*Dataset records*
———

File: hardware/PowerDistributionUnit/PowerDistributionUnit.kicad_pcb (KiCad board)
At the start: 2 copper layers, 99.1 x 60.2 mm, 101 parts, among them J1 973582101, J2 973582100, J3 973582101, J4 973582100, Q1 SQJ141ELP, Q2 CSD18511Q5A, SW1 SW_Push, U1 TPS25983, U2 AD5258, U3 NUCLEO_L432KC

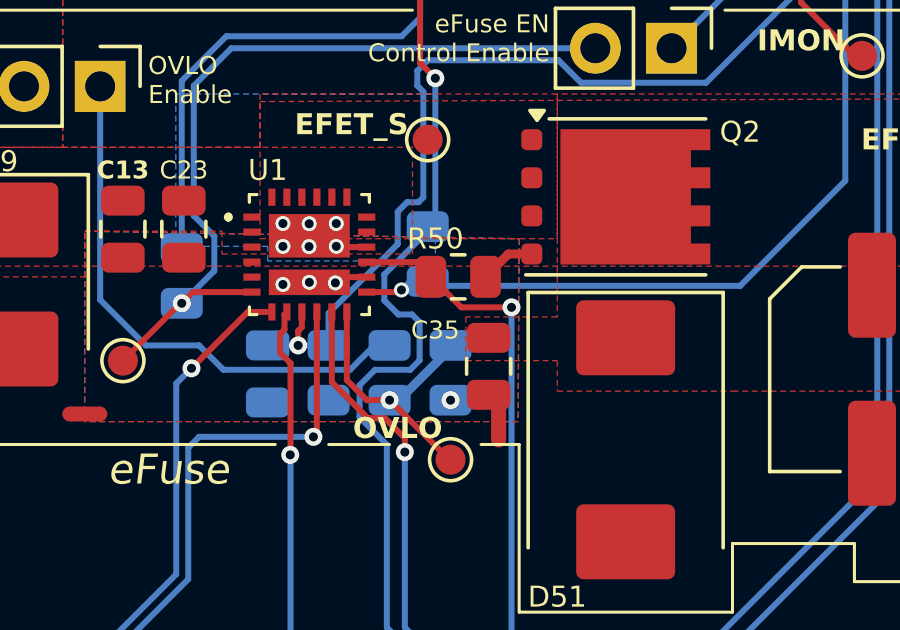
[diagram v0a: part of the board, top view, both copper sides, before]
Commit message: removed third net tie for eFuse GND island, adjusted routing to tie two halves of GND island together
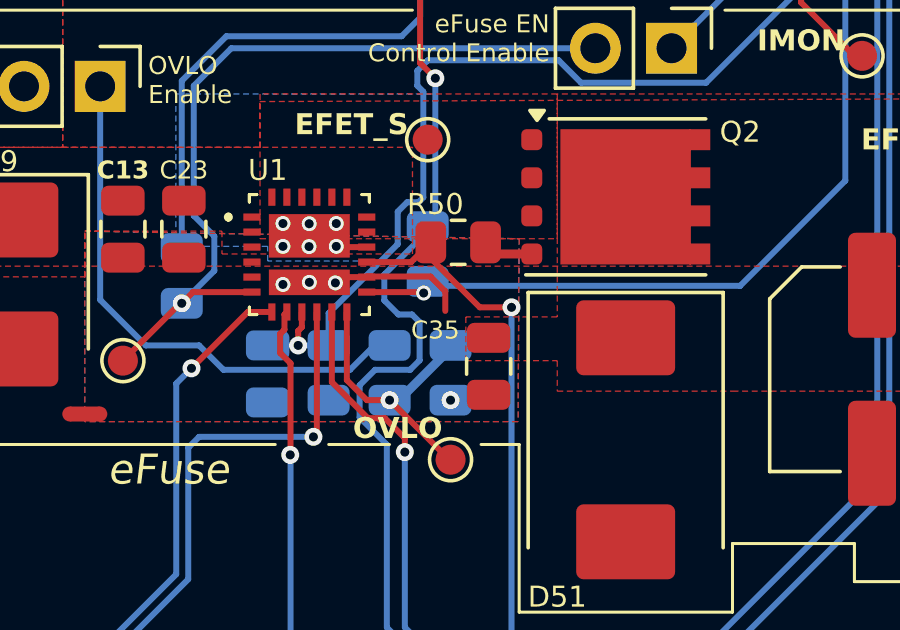
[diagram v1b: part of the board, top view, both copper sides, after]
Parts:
- removed NT3: NetTie_2, NetTie:NetTie-2_SMD_Pad0.5mm
- moved R50 1.15 mm to (134.0, 99.6)
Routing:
- net GND: track 10.5 -> 14.0 mm
- net /dVdt/BGATE: track 49.8 -> 50.7 mm
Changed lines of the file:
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@@
 		)
 	)
-	(footprint "NetTie:NetTie-2_SMD_Pad0.5mm"
-		(layer "F.Cu")
-		(at 135.382 105.656 90)
-		(descr "Net tie, 2 pin, 0.5mm square SMD pads")
-		(tags "net tie")
-		(property "Reference" "NT3"
-			(at 0 -1.2 90)
-			(layer "F.SilkS")
-			(hide yes)
-			(effects
-				(font
-					(size 1 1)
-					(thickness 0.15)
-				)
-			)
-		)
-		(property "Value" "NetTie_2"
-			(at 0 1.2 90)
-			(layer "F.Fab")
-			(hide yes)
-			(effects
-				(font
-					(size 1 1)
-					(thickness 0.15)
-				)
-			)
-		)
-		(property "Footprint" "NetTie:NetTie-2_SMD_Pad0.5mm"
-			(at 0 0 90)
-			(unlocked yes)
-			(layer "F.Fab")
-			(hide yes)
-			(effects
-				(font
-					(size 1.27 1.27)
-					(thickness 0.15)
-				)
-			)
-		)
-		(property "Datasheet" ""
-			(at 0 0 90)
-			(unlocked yes)
-			(layer "F.Fab")
-			(hide yes)
-			(effects
-				(font
-					(size 1.27 1.27)
-					(thickness 0.15)
-				)
-			)
-		)
-		(property "Description" "Net tie, 2 pins"
-			(at 0 0 90)
-			(unlocked yes)
-			(layer "F.Fab")
-			(hide yes)
-			(effects
-				(font
-					(size 1.27 1.27)
-					(thickness 0.15)
-				)
-			)
-		)
-		(property ki_fp_filters "Net*Tie*")
-		(sheetname "Root")
-		(sheetfile "PowerDistributionUnit.kicad_sch")
-		(attr exclude_from_pos_files exclude_from_bom allow_missing_courtyard)
-		(net_tie_pad_groups "1, 2")
-		(fp_poly
-			(pts
-				(xy -0.5 -0.25) (xy 0.5 -0.25) (xy 0.5 0.25) (xy -0.5 0.25)
-			)
-			(stroke
-				(width 0)
-				(type solid)
-			)
-			(fill solid)
-			(layer "F.Cu")
-		)
-		(pad "1" smd circle
-			(at -0.5 0 90)
-			(size 0.5 0.5)
-			(layers "F.Cu")
-			(net 18 "GNDPWR")
-			(pinfunction "1")
-			(pintype "passive")
-		)
-		(pad "2" smd circle
-			(at 0.5 0 90)
-			(size 0.5 0.5)
-			(layers "F.Cu")
-			(net 1 "GND")
-			(pinfunction "2")
-			(pintype "passive")
-		)
-	)
 	(footprint "Diode_SMD:D_SOD-323"
 		(layer "F.Cu")
@@
 	(footprint "Resistor_SMD:R_0805_2012Metric"
 		(layer "F.Cu")
-		(at 134.034 100.718 180)
+		(at 134.034 99.568 180)
 		(descr "Resistor SMD 0805 (2012 Metric), square (rectangular) end terminal, IPC_7351 nominal, (Body size source: IPC-SM-782 page 72, https://www.pcb-3d.com/wordpress/wp-content/uploads/ipc-sm-782a_amendment_1_and_2.pdf), generated with kicad-footprint-generator")
 		(tags "resistor")
@@
 	)
 	(segment
+		(start 130.986 100.726)
+		(end 131.004194 100.707806)
+		(width 0.2)
+		(layer "F.Cu")
+		(net 1)
+	)
+	(segment
 		(start 111.936 78.154)
 		(end 111.936 78.553999)
@@
 	)
 	(segment
+		(start 131.004194 100.707806)
+		(end 133.111305 100.707806)
+		(width 0.2)
+		(layer "F.Cu")
+		(net 1)
+	)
+	(segment
 		(start 129.073 100.901)
 		(end 129.248 100.726)
@@
 	)
 	(segment
+		(start 133.604 101.200501)
+		(end 133.604 101.854)
+		(width 0.2)
+		(layer "F.Cu")
+		(net 1)
+	)
+	(segment
 		(start 111.936 78.553999)
 		(end 112.236001 78.854)
@@
 	)
 	(segment
+		(start 133.111305 100.707806)
+		(end 133.604 101.200501)
+		(width 0.2)
+		(layer "F.Cu")
+		(net 1)
+	)
+	(segment
 		(start 113.46 78.316596)
 		(end 113.46 77.858)
@@
 	)
 	(segment
+		(start 133.1215 99.568)
+		(end 132.4635 100.226)
+		(width 0.2)
+		(layer "F.Cu")
+		(net 30)
+	)
+	(segment
 		(start 161.015 117.981)
 		(end 159.382 117.981)
@@
 	)
 	(segment
-		(start 162.04 119.006)
-		(end 161.015 117.981)
+		(start 132.4635 100.226)
+		(end 130.986 100.226)
 		(width 0.2)
 		(layer "F.Cu")
@@
 	)
 	(segment
-		(start 157.402 116.974)
-		(end 156.386 116.974)
+		(start 162.04 119.006)
+		(end 161.015 117.981)
 		(width 0.2)
 		(layer "F.Cu")
@@
 	(segment
 		(start 157.402 116.974)
-		(end 157.402 118.051)
+		(end 156.386 116.974)
 		(width 0.2)
 		(layer "F.Cu")
@@
 	)
 	(segment
-		(start 154.74 119.006)
-		(end 156.386 117.36)
+		(start 157.402 116.974)
+		(end 157.402 118.051)
 		(width 0.2)
 		(layer "F.Cu")
@@
 	)
 	(segment
-		(start 132.6295 100.226)
-		(end 130.986 100.226)
+		(start 134.754 101.734)
+		(end 133.1215 100.1015)
 		(width 0.2)
 		(layer "F.Cu")
@@
 	)
 	(segment
-		(start 133.1215 100.718)
-		(end 132.6295 100.226)
+		(start 133.1215 100.1015)
+		(end 133.1215 99.568)
 		(width 0.2)
 		(layer "F.Cu")
@@
 	)
 	(segment
-		(start 159.382 117.981)
-		(end 158.357 119.006)
+		(start 135.812 101.734)
+		(end 134.754 101.734)
 		(width 0.2)
 		(layer "F.Cu")
@@
 	)
 	(segment
-		(start 156.386 117.36)
-		(end 156.386 116.974)
+		(start 154.74 119.006)
+		(end 156.386 117.36)
 		(width 0.2)
 		(layer "F.Cu")
@@
 	)
 	(segment
-		(start 135.812 101.734)
-		(end 134.1375 101.734)
+		(start 159.382 117.981)
+		(end 158.357 119.006)
 		(width 0.2)
 		(layer "F.Cu")
@@
 	)
 	(segment
-		(start 134.1375 101.734)
-		(end 133.1215 100.718)
+		(start 156.386 117.36)
+		(end 156.386 116.974)
 		(width 0.2)
 		(layer "F.Cu")
@@
 	)
 	(segment
-		(start 136.4865 99.956)
-		(end 135.7085 99.956)
+		(start 135.0805 99.956)
+		(end 134.9465 99.822)
 		(width 0.3)
 		(layer "F.Cu")
@@
 	)
 	(segment
-		(start 135.7085 99.956)
-		(end 134.9465 100.718)
+		(start 136.4865 99.956)
+		(end 135.0805 99.956)
 		(width 0.3)
 		(layer "F.Cu")
@@
 	)
 	(segment
-		(start 132.072 101.226)
-		(end 130.986 101.226)
+		(start 155.624 91.828)
+		(end 155.624 89.034)
 		(width 0.2)
 		(layer "F.Cu")
@@
 	)
 	(segment
-		(start 155.624 91.828)
-		(end 155.624 89.034)
+		(start 132.883487 101.257806)
+		(end 132.851681 101.226)
 		(width 0.2)
 		(layer "F.Cu")
@@
 	)
 	(segment
-		(start 132.143 101.155)
-		(end 132.072 101.226)
+		(start 132.851681 101.226)
+		(end 130.986 101.226)
 		(width 0.2)
 		(layer "F.Cu")
@@
 	)
 	(via
-		(at 132.143 101.155)
+		(at 132.883487 101.257806)
 		(size 0.5)
 		(drill 0.3)
@@
 	)
 	(segment
-		(start 132.143 101.155)
-		(end 132.4295 100.8685)
+		(start 132.883487 101.257806)
+		(end 132.883487 101.003013)
 		(width 0.2)
 		(layer "B.Cu")
@@
 	)
 	(segment
-		(start 143.432 101.019)
-		(end 146.939 97.512)
+		(start 132.883487 101.003013)
+		(end 133.018 100.8685)
 		(width 0.2)
 		(layer "B.Cu")
@@
 	)
 	(segment
-		(start 154.159 87.569)
-		(end 155.624 89.034)
+		(start 143.432 101.019)
+		(end 146.939 97.512)
 		(width 0.2)
 		(layer "B.Cu")
@@
 	)
 	(segment
-		(start 132.4295 100.8685)
-		(end 133.018 100.8685)
+		(start 154.159 87.569)
+		(end 155.624 89.034)
 		(width 0.2)
 		(layer "B.Cu")

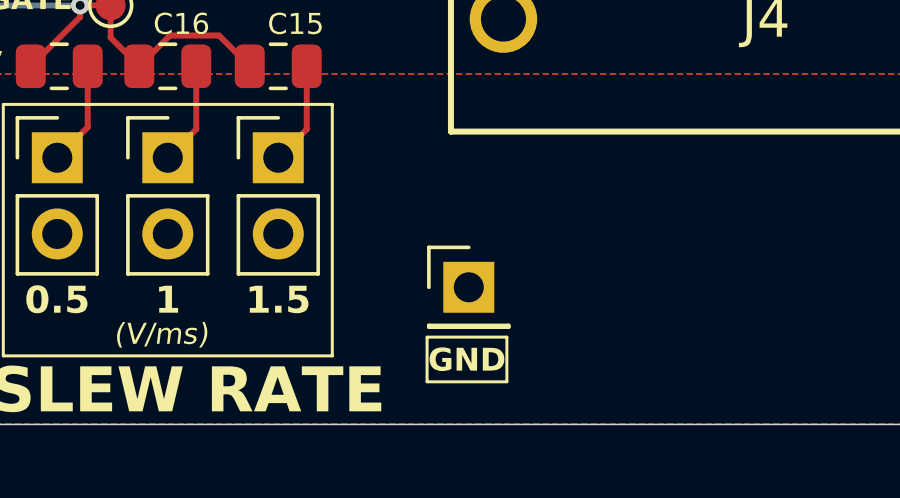
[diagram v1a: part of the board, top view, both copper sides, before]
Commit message: added silkscreen board name and human names
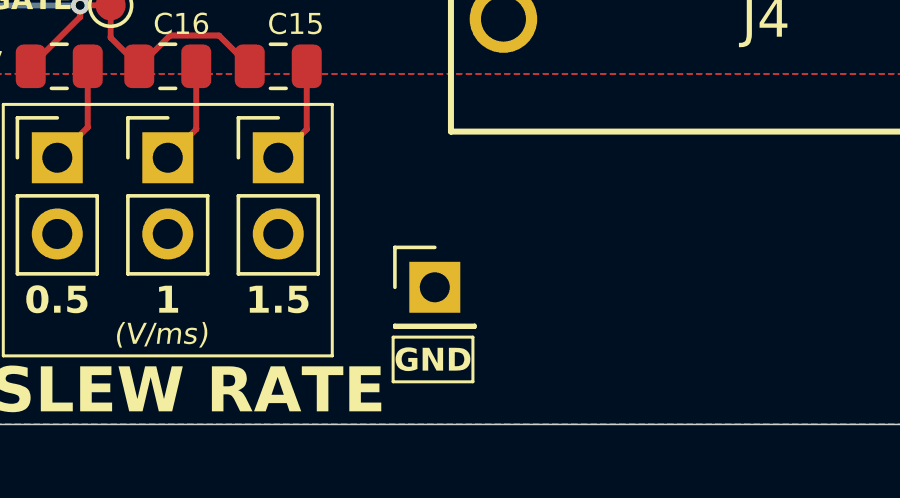
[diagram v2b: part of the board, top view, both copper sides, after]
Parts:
- added G***: LOGO, LOGO, B.Cu at (178.1, 80.5)
- moved TP6 1.13 mm to (168.2, 126.4)
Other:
- board text added: "Changxu Liu"
- board text added: "Wataru Yasueda"
- board text added: "eFuse Test Board"
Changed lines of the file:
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@@
 	(footprint "Connector_PinHeader_2.54mm:PinHeader_1x01_P2.54mm_Vertical"
 		(layer "F.Cu")
-		(at 169.34 126.372)
+		(at 168.208 126.372)
 		(descr "Through hole straight pin header, 1x01, 2.54mm pitch, single row")
 		(tags "Through hole pin header THT 1x01 2.54mm single row")
@@
 		)
 	)
+	(footprint "LOGO"
+		(layer "B.Cu")
+		(at 178.054 80.518 180)
+		(property "Reference" "G***"
+			(at 2.286 -8.128 0)
+			(layer "B.SilkS")
+			(hide yes)
+			(effects
+				(font
+					(size 1.5 1.5)
+					(thickness 0.3)
+				)
+				(justify mirror)
+			)
+		)
+		(property "Value" "LOGO"
+			(at 0.75 0 0)
+			(layer "B.SilkS")
+			(hide yes)
+			(effects
+				(font
+					(size 1.5 1.5)
+					(thickness 0.3)
+				)
+				(justify mirror)
+			)
+		)
+		(property "Footprint" ""
+			(at 0 0 0)
+			(layer "B.Fab")
+			(hide yes)
+			(effects
+				(font
+					(size 1.27 1.27)
+					(thickness 0.15)
+				)
+				(justify mirror)
+			)
+		)
+		(property "Datasheet" ""
+			(at 0 0 0)
+			(layer "B.Fab")
+			(hide yes)
+			(effects
+				(font
+					(size 1.27 1.27)
+					(thickness 0.15)
+				)
+				(justify mirror)
+			)
+		)
+		(property "Description" ""
+			(at 0 0 0)
+			(layer "B.Fab")
+			(hide yes)
+			(effects
+				(font
+					(size 1.27 1.27)
+					(thickness 0.15)
+				)
+				(justify mirror)
+			)
+		)
+		(attr board_only exclude_from_pos_files exclude_from_bom)
+		(fp_poly
+			(pts
+				(xy -6.249206 0.201587) (xy -6.224007 -0.932341) (xy -5.203472 -0.945984) (xy -4.182936 -0.959627)
+				(xy -4.182936 -1.210567) (xy -4.182936 -1.461508) (xy -5.519249 -1.461508) (xy -6.855562 -1.461508)
+				(xy -6.842166 -0.062996) (xy -6.828769 1.335516) (xy -6.551587 1.335516) (xy -6.274404 1.335516)
+			)
+			(stroke
+				(width 0)
+				(type solid)
+			)
+			(fill solid)
+			(layer "B.SilkS")
+		)
+		(fp_poly
+			(pts
+				(xy 6.853969 0.831548) (xy 6.853969 0.604762) (xy 6.072818 0.604762) (xy 5.291667 0.604762) (xy 5.291667 0.352778)
+				(xy 5.291667 0.100794) (xy 6.072818 0.100794) (xy 6.853969 0.100794) (xy 6.853969 -0.604762) (xy 6.853969 -1.310317)
+				(xy 5.846032 -1.310317) (xy 4.838096 -1.310317) (xy 4.838096 -1.083532) (xy 4.838096 -0.856746)
+				(xy 5.619247 -0.856746) (xy 6.400397 -0.856746) (xy 6.400397 -0.604762) (xy 6.400397 -0.352778)
+				(xy 5.619247 -0.352778) (xy 4.838096 -0.352778) (xy 4.838096 0.352778) (xy 4.838096 1.058333) (xy 5.846032 1.058333)
+				(xy 6.853969 1.058333)
+			)
+			(stroke
+				(width 0)
+				(type solid)
+			)
+			(fill solid)
+			(layer "B.SilkS")
+		)
+		(fp_poly
+			(pts
+				(xy -0.373172 1.351622) (xy -0.176388 1.335516) (xy -0.162992 -0.062996) (xy -0.149596 -1.461508)
+				(xy -0.476322 -1.461508) (xy -0.803048 -1.461508) (xy -0.817297 -0.894544) (xy -0.831547 -0.327579)
+				(xy -1.926018 -0.314002) (xy -3.02049 -0.300424) (xy -3.034749 -0.868367) (xy -3.049007 -1.436309)
+				(xy -3.364789 -1.451334) (xy -3.680571 -1.466359) (xy -3.66717 -0.065422) (xy -3.653769 1.335516)
+				(xy -3.397309 1.350467) (xy -3.19821 1.345631) (xy -3.089637 1.303072) (xy -3.084272 1.297248) (xy -3.058725 1.219919)
+				(xy -3.035949 1.067249) (xy -3.019124 0.864691) (xy -3.013153 0.727931) (xy -2.998611 0.226786)
+				(xy -1.915079 0.226786) (xy -0.831547 0.226786) (xy -0.817248 0.768018) (xy -0.807939 1.025937)
+				(xy -0.788229 1.198713) (xy -0.746219 1.301983) (xy -0.67001 1.351387) (xy -0.547702 1.362562)
+			)
+			(stroke
+				(width 0)
+				(type solid)
+			)
+			(fill solid)
+			(layer "B.SilkS")
+		)
+		(fp_poly
+			(pts
+				(xy 1.856389 1.355612) (xy 2.179517 1.351768) (xy 2.647725 1.343299) (xy 3.025655 1.330623) (xy 3.323823 1.309636)
+				(xy 3.552744 1.276235) (xy 3.722934 1.226314) (xy 3.844908 1.155771) (xy 3.929182 1.0605) (xy 3.986272 0.936398)
+				(xy 4.026693 0.77936) (xy 4.055352 0.619636) (xy 4.065781 0.417178) (xy 4.042188 0.194687) (xy 3.991695 -0.013856)
+				(xy 3.921422 -0.174474) (xy 3.877371 -0.229668) (xy 3.81313 -0.295584) (xy 3.813297 -0.34789) (xy 3.880288 -0.42808)
+				(xy 3.889499 -0.437893) (xy 3.945563 -0.512859) (xy 3.98223 -0.610283) (xy 4.005316 -0.755142) (xy 4.020634 -0.972413)
+				(xy 4.022438 -1.008937) (xy 4.044076 -1.461508) (xy 3.710332 -1.461508) (xy 3.376588 -1.461508)
+				(xy 3.376588 -1.165923) (xy 3.364342 -0.959221) (xy 3.321898 -0.815859) (xy 3.272136 -0.73755) (xy 3.167685 -0.604762)
+				(xy 2.213803 -0.604762) (xy 1.259921 -0.604762) (xy 1.259921 -1.033135) (xy 1.259921 -1.461508)
+				(xy 0.932342 -1.461508) (xy 0.604762 -1.461508) (xy 0.604762 -0.076555) (xy 0.604762 0.386376) (xy 1.259921 0.386376)
+				(xy 1.264188 0.188839) (xy 1.275542 0.031118) (xy 1.291816 -0.06052) (xy 1.297719 -0.071607) (xy 1.357819 -0.082707)
+				(xy 1.502244 -0.090712) (xy 1.714564 -0.095269) (xy 1.978345 -0.096027) (xy 2.277158 -0.092634)
+				(xy 2.278719 -0.092606) (xy 2.615482 -0.085515) (xy 2.865965 -0.077118) (xy 3.044681 -0.065912)
+				(xy 3.166141 -0.050393) (xy 3.244859 -0.029059) (xy 3.295349 -0.000405) (xy 3.311853 0.014399) (xy 3.377195 0.13253)
+				(xy 3.401407 0.323995) (xy 3.401786 0.35903) (xy 3.391791 0.528363) (xy 3.35341 0.635296) (xy 3.28281 0.710008)
+				(xy 3.23272 0.743946) (xy 3.168423 0.768891) (xy 3.074814 0.786205) (xy 2.936788 0.797245) (xy 2.73924 0.803369)
+				(xy 2.467064 0.805938) (xy 2.211878 0.806349) (xy 1.259921 0.806349) (xy 1.259921 0.386376) (xy 0.604762 0.386376)
+				(xy 0.604762 1.308397) (xy 0.730608 1.339983) (xy 0.813764 1.347766) (xy 0.982805 1.353342) (xy 1.222847 1.356589)
+				(xy 1.519004 1.357386)
+			)
+			(stroke
+				(width 0)
+				(type solid)
+			)
+			(fill solid)
+			(layer "B.SilkS")
+		)
+	)
 	(footprint "Resistor_SMD:R_0805_2012Metric"
 		(layer "B.Cu")
@@
 		)
 	)
+	(gr_circle
+		(center 164.846 84.328)
+		(end 165.04713 84.328)
+		(stroke
+			(width 0.1)
+			(type solid)
+		)
+		(fill solid)
+		(layer "B.SilkS")
+	)
 	(gr_line
 		(start 116.508 106.306)
@@
 	)
 	(gr_rect
-		(start 167.95 128.0333)
-		(end 170.61 129.5227)
+		(start 166.818 128.0333)
+		(end 169.478 129.5227)
 		(stroke
 			(width 0.1)
@@
 		(layer "Edge.Cuts")
 	)
+	(gr_text "eFuse Test Board"
+		(at 169.418 82.042 0)
+		(layer "B.SilkS")
+		(effects
+			(font
+				(size 2 2)
+				(thickness 0.3)
+				(bold yes)
+			)
+			(justify left bottom mirror)
+		)
+	)
+	(gr_text "Wataru Yasueda"
+		(at 164.084 84.836 -0)
+		(layer "B.SilkS")
+		(effects
+			(font
+				(size 1 1)
+				(thickness 0.1)
+			)
+			(justify left bottom mirror)
+		)
+	)
+	(gr_text "Changxu Liu"
+		(at 175.006 84.836 -0)
+		(layer "B.SilkS")
+		(effects
+			(font
+				(size 1 1)
+				(thickness 0.1)
+			)
+			(justify left bottom mirror)
+		)
+	)
 	(gr_text "+3V3"
 		(at 122.096 76.08 0)
@@
 	)
 	(gr_text "GND"
-		(at 169.28 129.2433 0)
+		(at 168.148 129.2433 0)
 		(layer "F.SilkS" knockout)
 		(effects

———

*Exercise details*
Where a line in the records above contains the word "track", include it in the count; state the total and nothing more.

*Answer to the problem*
2